= Description of the task =
Repeat the listing exactly as given, omitting every image.

= Listed entries =

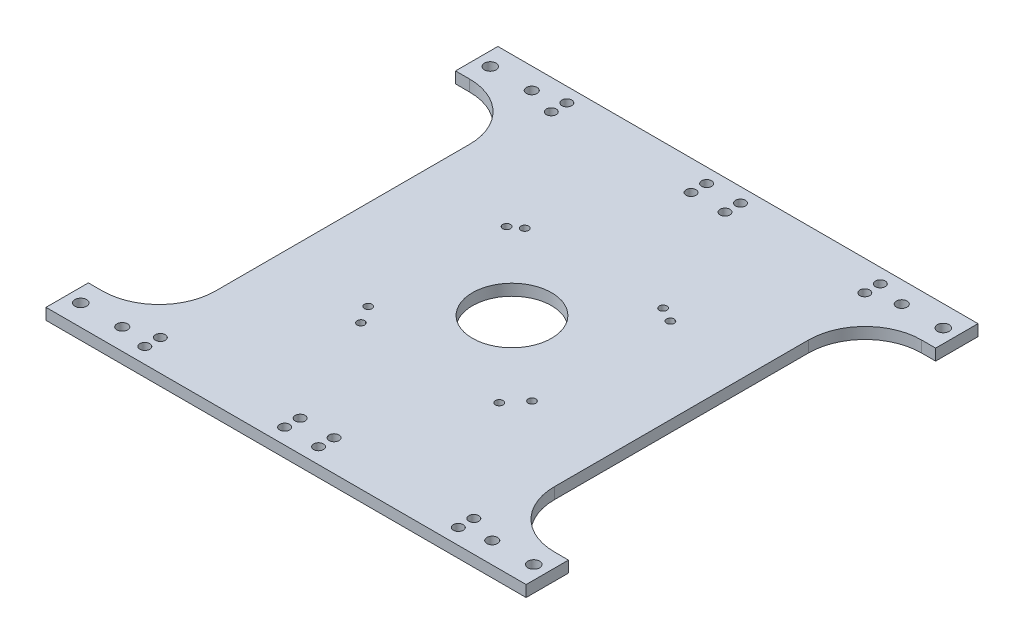
SolidWorks part; units mm, degrees
ref_plane "Front Plane" through (0, 0, 0) normal (0, 0, 1) x (1, 0, 0)
ref_plane "Top Plane" through (0, 0, 0) normal (0, 1, 0) x (1, 0, 0)
ref_plane "Right Plane" through (0, 0, 0) normal (1, 0, 0) x (0, 0, -1)
sketch "Sketch2" plane through (0, 0, 0) normal (0, 1, 0) x (1, 0, 0)
  line L0 (-60, 80) -> (60, 80)
  line L1 (-60, 80) -> (-60, -80)
  line L2 (-60, -80) -> (60, -80)
  line L3 (60, 80) -> (60, -80)
  line L4 (-60, 80) -> (60, -80) construction
  line L5 (60, 80) -> (-60, -80) construction
  line L6 (-28.2281, 26.3058) -> (-24.5, 29)
  line L7 (-24.5, 29) -> (24.5, 29)
  line L8 (24.5, 29) -> (29.7719, 26.3058)
  line L9 (29.7719, 26.3058) -> (29.7719, -22.6942)
  line L10 (29.7719, -22.6942) -> (24.5, -29)
  line L11 (24.5, -29) -> (-24.5, -29)
  line L12 (-24.5, -29) -> (-28.2281, -22.6942)
  line L13 (-28.2281, -22.6942) -> (-28.2281, 26.3058)
  line L14 (-24.5, 29) -> (0, 0)
  line L15 (0, 0) -> (24.5, -29)
  circle A0 centre (0, 0) radius 14.0022
  circle A1 centre (-28.2281, -22.6942) radius 1.35
  circle A2 centre (-24.5, -29) radius 1.35
  circle A3 centre (24.5, -29) radius 1.35
  circle A4 centre (29.7719, -22.6942) radius 1.35
  circle A5 centre (29.7719, 26.3058) radius 1.35
  circle A6 centre (24.5, 29) radius 1.35
  circle A7 centre (-28.2281, 26.3058) radius 1.35
  circle A8 centre (-24.5, 29) radius 1.35
  point P4 (0, 0)
  dimension "D3" = 2.7
  dimension "D4" = 2.7
  dimension "D5" = 2.7
  dimension "D6" = 2.7
  dimension "D7" = 2.7
  dimension "D8" = 2.7
  dimension "D9" = 2.7
  dimension "D10" = 2.7
  dimension "D11" = 28.0043
  dimension "D1" = 160
  dimension "D2" = 120
  dimension "D12" = 49
  dimension "D13" = 29
  dimension "D14" = 29
  dimension "D15" = 29.7719
  dimension "D16" = 28.2281
extrude "Boss-Extrude1" add sketch "Sketch2" along normal blind 4 contours L3 L0 L1 L2 A8 L7 A6 L8 A5 L9 A4 L10 A3 L11 A2 L12 A1 L13 A7 L6 | A8 L6 A7 L13 A1 L12 A2 L11 A3 L15 A0 L14 | A8 L14 A0 L15 A3 L10 A4 L9 A5 L8 A6 L7 region at (0, 0, -78) region at (-11.7108, 0, 9.467) region at (12.7291, 0, -9.195)
sketch "Sketch4" plane through (0, 4, 0) normal (0, 1, 0) x (1, 0, 0)
  circle A16 centre (-6, 74.9109) radius 1.75
  circle A17 centre (-6, 69.4109) radius 1.75
  circle A18 centre (-55.5, 69.4109) radius 1.75
  circle A19 centre (-55.5, 74.9109) radius 1.75
  circle A20 centre (55.5, 74.9109) radius 1.75
  circle A21 centre (55.5, 69.4109) radius 1.75
  circle A22 centre (6, 69.4109) radius 1.75
  circle A23 centre (6, 74.9109) radius 1.75
  circle A24 centre (-6, -69) radius 1.75
  circle A25 centre (-6, -74.5) radius 1.75
  circle A26 centre (-55.5, -74.5) radius 1.75
  circle A27 centre (-55.5, -69) radius 1.75
  circle A28 centre (55.5, -69) radius 1.75
  circle A29 centre (55.5, -74.5) radius 1.75
  circle A30 centre (6, -74.5) radius 1.75
  circle A31 centre (6, -69) radius 1.75
  dimension "D9" = 5.5
  dimension "D18" = 3.5
  dimension "D19" = 3.5
  dimension "D20" = 3.5
  dimension "D15" = 3.5
  dimension "D22" = 3.5
  dimension "D23" = 3.5
  dimension "D24" = 3.5
  dimension "D39" = 3.5
  dimension "D46" = 3.5
  dimension "D47" = 3.5
  dimension "D48" = 3.5
  dimension "D17" = 3.5
  dimension "D59" = 3.5
  dimension "D60" = 3.5
  dimension "D61" = 3.5
  dimension "D62" = 3.5
  dimension "D13" = 5.5
  dimension "D14" = 5.5
  dimension "D16" = 5.5
  dimension "D37" = 5.5
  dimension "D38" = 5.5
  dimension "D57" = 5.5
  dimension "D58" = 5.5
extrude "Cut-Extrude1" cut sketch "Sketch4" against normal blind 4
sketch "Sketch6" plane through (0, 4, 0) normal (0, 1, 0) x (1, 0, 0)
  line L0 (60, 45) -> (60, 65)
  line L1 (60, 80) -> (85, 80)
  line L2 (60, 80) -> (60, 65)
  line L3 (80, 65) -> (85, 65)
  line L4 (85, 80) -> (85, 65)
  line L5 (60, 80) -> (60, -80) construction
  line L6 (0, 0) -> (0, 80) construction
  line L7 (-60, 80) -> (60, 80) construction
  line L8 (-85, 80) -> (-85, 65)
  line L9 (-80, 65) -> (-85, 65)
  line L10 (-60, 80) -> (-85, 80)
  line L11 (-60, 80) -> (-60, 45)
  line L12 (-60, 0) -> (60, 0) construction
  line L13 (-60, 80) -> (-60, -80) construction
  line L14 (85, -80) -> (85, -65)
  line L15 (80, -65) -> (85, -65)
  line L16 (60, -80) -> (85, -80)
  line L17 (60, -45) -> (60, -65)
  line L18 (60, -80) -> (60, -65)
  line L19 (-60, -80) -> (-60, -45)
  line L20 (-60, -80) -> (-85, -80)
  line L21 (-80, -65) -> (-85, -65)
  line L22 (-85, -80) -> (-85, -65)
  line L23 (-60, -80) -> (60, -80) construction
  arc A0 (80, 65) -> (60, 45) centre (80, 45) ccw
  arc A1 (-80, 65) -> (-60, 45) centre (-80, 45) cw
  arc A2 (80, -65) -> (60, -45) centre (80, -45) cw
  arc A3 (-80, -65) -> (-60, -45) centre (-80, -45) ccw
  circle A4 centre (-80.2, 72.5) radius 2.0751
  circle A5 centre (-65.5, 72.5) radius 1.8895
  circle A6 centre (80.2, 72.5) radius 2.0751
  circle A7 centre (65.5, 72.5) radius 1.8895
  circle A8 centre (65.5, -72.5) radius 1.8895
  circle A9 centre (80.2, -72.5) radius 2.0751
  circle A10 centre (-65.5, -72.5) radius 1.8895
  circle A11 centre (-80.2, -72.5) radius 2.0751
  point P49 (-85, 72.5)
  dimension "D3" = 20
  dimension "D1" = 15
  dimension "D2" = 25
  dimension "D4" = 14.7
  dimension "D5" = 5.5
extrude "Boss-Extrude2" add sketch "Sketch6" against normal blind 4 separate body
combine bodies "Combine1" operation type add bodies to combine 104 102 103 105 106

= Task answer =
SolidWorks part; units mm, degrees
ref_plane "Front Plane" through (0, 0, 0) normal (0, 0, 1) x (1, 0, 0)
ref_plane "Top Plane" through (0, 0, 0) normal (0, 1, 0) x (1, 0, 0)
ref_plane "Right Plane" through (0, 0, 0) normal (1, 0, 0) x (0, 0, -1)
sketch "Sketch2" plane through (0, 0, 0) normal (0, 1, 0) x (1, 0, 0)
  line L0 (-60, 80) -> (60, 80)
  line L1 (-60, 80) -> (-60, -80)
  line L2 (-60, -80) -> (60, -80)
  line L3 (60, 80) -> (60, -80)
  line L4 (-60, 80) -> (60, -80) construction
  line L5 (60, 80) -> (-60, -80) construction
  line L6 (-28.2281, 26.3058) -> (-24.5, 29)
  line L7 (-24.5, 29) -> (24.5, 29)
  line L8 (24.5, 29) -> (29.7719, 26.3058)
  line L9 (29.7719, 26.3058) -> (29.7719, -22.6942)
  line L10 (29.7719, -22.6942) -> (24.5, -29)
  line L11 (24.5, -29) -> (-24.5, -29)
  line L12 (-24.5, -29) -> (-28.2281, -22.6942)
  line L13 (-28.2281, -22.6942) -> (-28.2281, 26.3058)
  line L14 (-24.5, 29) -> (0, 0)
  line L15 (0, 0) -> (24.5, -29)
  circle A0 centre (0, 0) radius 14.0022
  circle A1 centre (-28.2281, -22.6942) radius 1.35
  circle A2 centre (-24.5, -29) radius 1.35
  circle A3 centre (24.5, -29) radius 1.35
  circle A4 centre (29.7719, -22.6942) radius 1.35
  circle A5 centre (29.7719, 26.3058) radius 1.35
  circle A6 centre (24.5, 29) radius 1.35
  circle A7 centre (-28.2281, 26.3058) radius 1.35
  circle A8 centre (-24.5, 29) radius 1.35
  point P4 (0, 0)
  dimension "D3" = 2.7
  dimension "D4" = 2.7
  dimension "D5" = 2.7
  dimension "D6" = 2.7
  dimension "D7" = 2.7
  dimension "D8" = 2.7
  dimension "D9" = 2.7
  dimension "D10" = 2.7
  dimension "D11" = 28.0043
  dimension "D1" = 160
  dimension "D2" = 120
  dimension "D12" = 49
  dimension "D13" = 29
  dimension "D14" = 29
  dimension "D15" = 29.7719
  dimension "D16" = 28.2281
extrude "Boss-Extrude1" add sketch "Sketch2" along normal blind 4 contours L3 L0 L1 L2 A8 L7 A6 L8 A5 L9 A4 L10 A3 L11 A2 L12 A1 L13 A7 L6 | A8 L6 A7 L13 A1 L12 A2 L11 A3 L15 A0 L14 | A8 L14 A0 L15 A3 L10 A4 L9 A5 L8 A6 L7 region at (0, 0, -78) region at (-11.7108, 0, 9.467) region at (12.7291, 0, -9.195)
sketch "Sketch4" plane through (0, 4, 0) normal (0, 1, 0) x (1, 0, 0)
  circle A16 centre (-6, 74.9109) radius 1.75
  circle A17 centre (-6, 69.4109) radius 1.75
  circle A18 centre (-55.5, 69.4109) radius 1.75
  circle A19 centre (-55.5, 74.9109) radius 1.75
  circle A20 centre (55.5, 74.9109) radius 1.75
  circle A21 centre (55.5, 69.4109) radius 1.75
  circle A22 centre (6, 69.4109) radius 1.75
  circle A23 centre (6, 74.9109) radius 1.75
  circle A24 centre (-6, -69) radius 1.75
  circle A25 centre (-6, -74.5) radius 1.75
  circle A26 centre (-55.5, -74.5) radius 1.75
  circle A27 centre (-55.5, -69) radius 1.75
  circle A28 centre (55.5, -69) radius 1.75
  circle A29 centre (55.5, -74.5) radius 1.75
  circle A30 centre (6, -74.5) radius 1.75
  circle A31 centre (6, -69) radius 1.75
  dimension "D9" = 5.5
  dimension "D18" = 3.5
  dimension "D19" = 3.5
  dimension "D20" = 3.5
  dimension "D15" = 3.5
  dimension "D22" = 3.5
  dimension "D23" = 3.5
  dimension "D24" = 3.5
  dimension "D39" = 3.5
  dimension "D46" = 3.5
  dimension "D47" = 3.5
  dimension "D48" = 3.5
  dimension "D17" = 3.5
  dimension "D59" = 3.5
  dimension "D60" = 3.5
  dimension "D61" = 3.5
  dimension "D62" = 3.5
  dimension "D13" = 5.5
  dimension "D14" = 5.5
  dimension "D16" = 5.5
  dimension "D37" = 5.5
  dimension "D38" = 5.5
  dimension "D57" = 5.5
  dimension "D58" = 5.5
extrude "Cut-Extrude1" cut sketch "Sketch4" against normal blind 4
sketch "Sketch6" plane through (0, 4, 0) normal (0, 1, 0) x (1, 0, 0)
  line L0 (60, 45) -> (60, 65)
  line L1 (60, 80) -> (85, 80)
  line L2 (60, 80) -> (60, 65)
  line L3 (80, 65) -> (85, 65)
  line L4 (85, 80) -> (85, 65)
  line L5 (60, 80) -> (60, -80) construction
  line L6 (0, 0) -> (0, 80) construction
  line L7 (-60, 80) -> (60, 80) construction
  line L8 (-85, 80) -> (-85, 65)
  line L9 (-80, 65) -> (-85, 65)
  line L10 (-60, 80) -> (-85, 80)
  line L11 (-60, 80) -> (-60, 45)
  line L12 (-60, 0) -> (60, 0) construction
  line L13 (-60, 80) -> (-60, -80) construction
  line L14 (85, -80) -> (85, -65)
  line L15 (80, -65) -> (85, -65)
  line L16 (60, -80) -> (85, -80)
  line L17 (60, -45) -> (60, -65)
  line L18 (60, -80) -> (60, -65)
  line L19 (-60, -80) -> (-60, -45)
  line L20 (-60, -80) -> (-85, -80)
  line L21 (-80, -65) -> (-85, -65)
  line L22 (-85, -80) -> (-85, -65)
  line L23 (-60, -80) -> (60, -80) construction
  arc A0 (80, 65) -> (60, 45) centre (80, 45) ccw
  arc A1 (-80, 65) -> (-60, 45) centre (-80, 45) cw
  arc A2 (80, -65) -> (60, -45) centre (80, -45) cw
  arc A3 (-80, -65) -> (-60, -45) centre (-80, -45) ccw
  circle A4 centre (-80.2, 72.5) radius 2.0751
  circle A5 centre (-65.5, 72.5) radius 1.8895
  circle A6 centre (80.2, 72.5) radius 2.0751
  circle A7 centre (65.5, 72.5) radius 1.8895
  circle A8 centre (65.5, -72.5) radius 1.8895
  circle A9 centre (80.2, -72.5) radius 2.0751
  circle A10 centre (-65.5, -72.5) radius 1.8895
  circle A11 centre (-80.2, -72.5) radius 2.0751
  point P49 (-85, 72.5)
  dimension "D3" = 20
  dimension "D1" = 15
  dimension "D2" = 25
  dimension "D4" = 14.7
  dimension "D5" = 5.5
extrude "Boss-Extrude2" add sketch "Sketch6" against normal blind 4 separate body
combine bodies "Combine1" operation type add bodies to combine 104 102 103 105 106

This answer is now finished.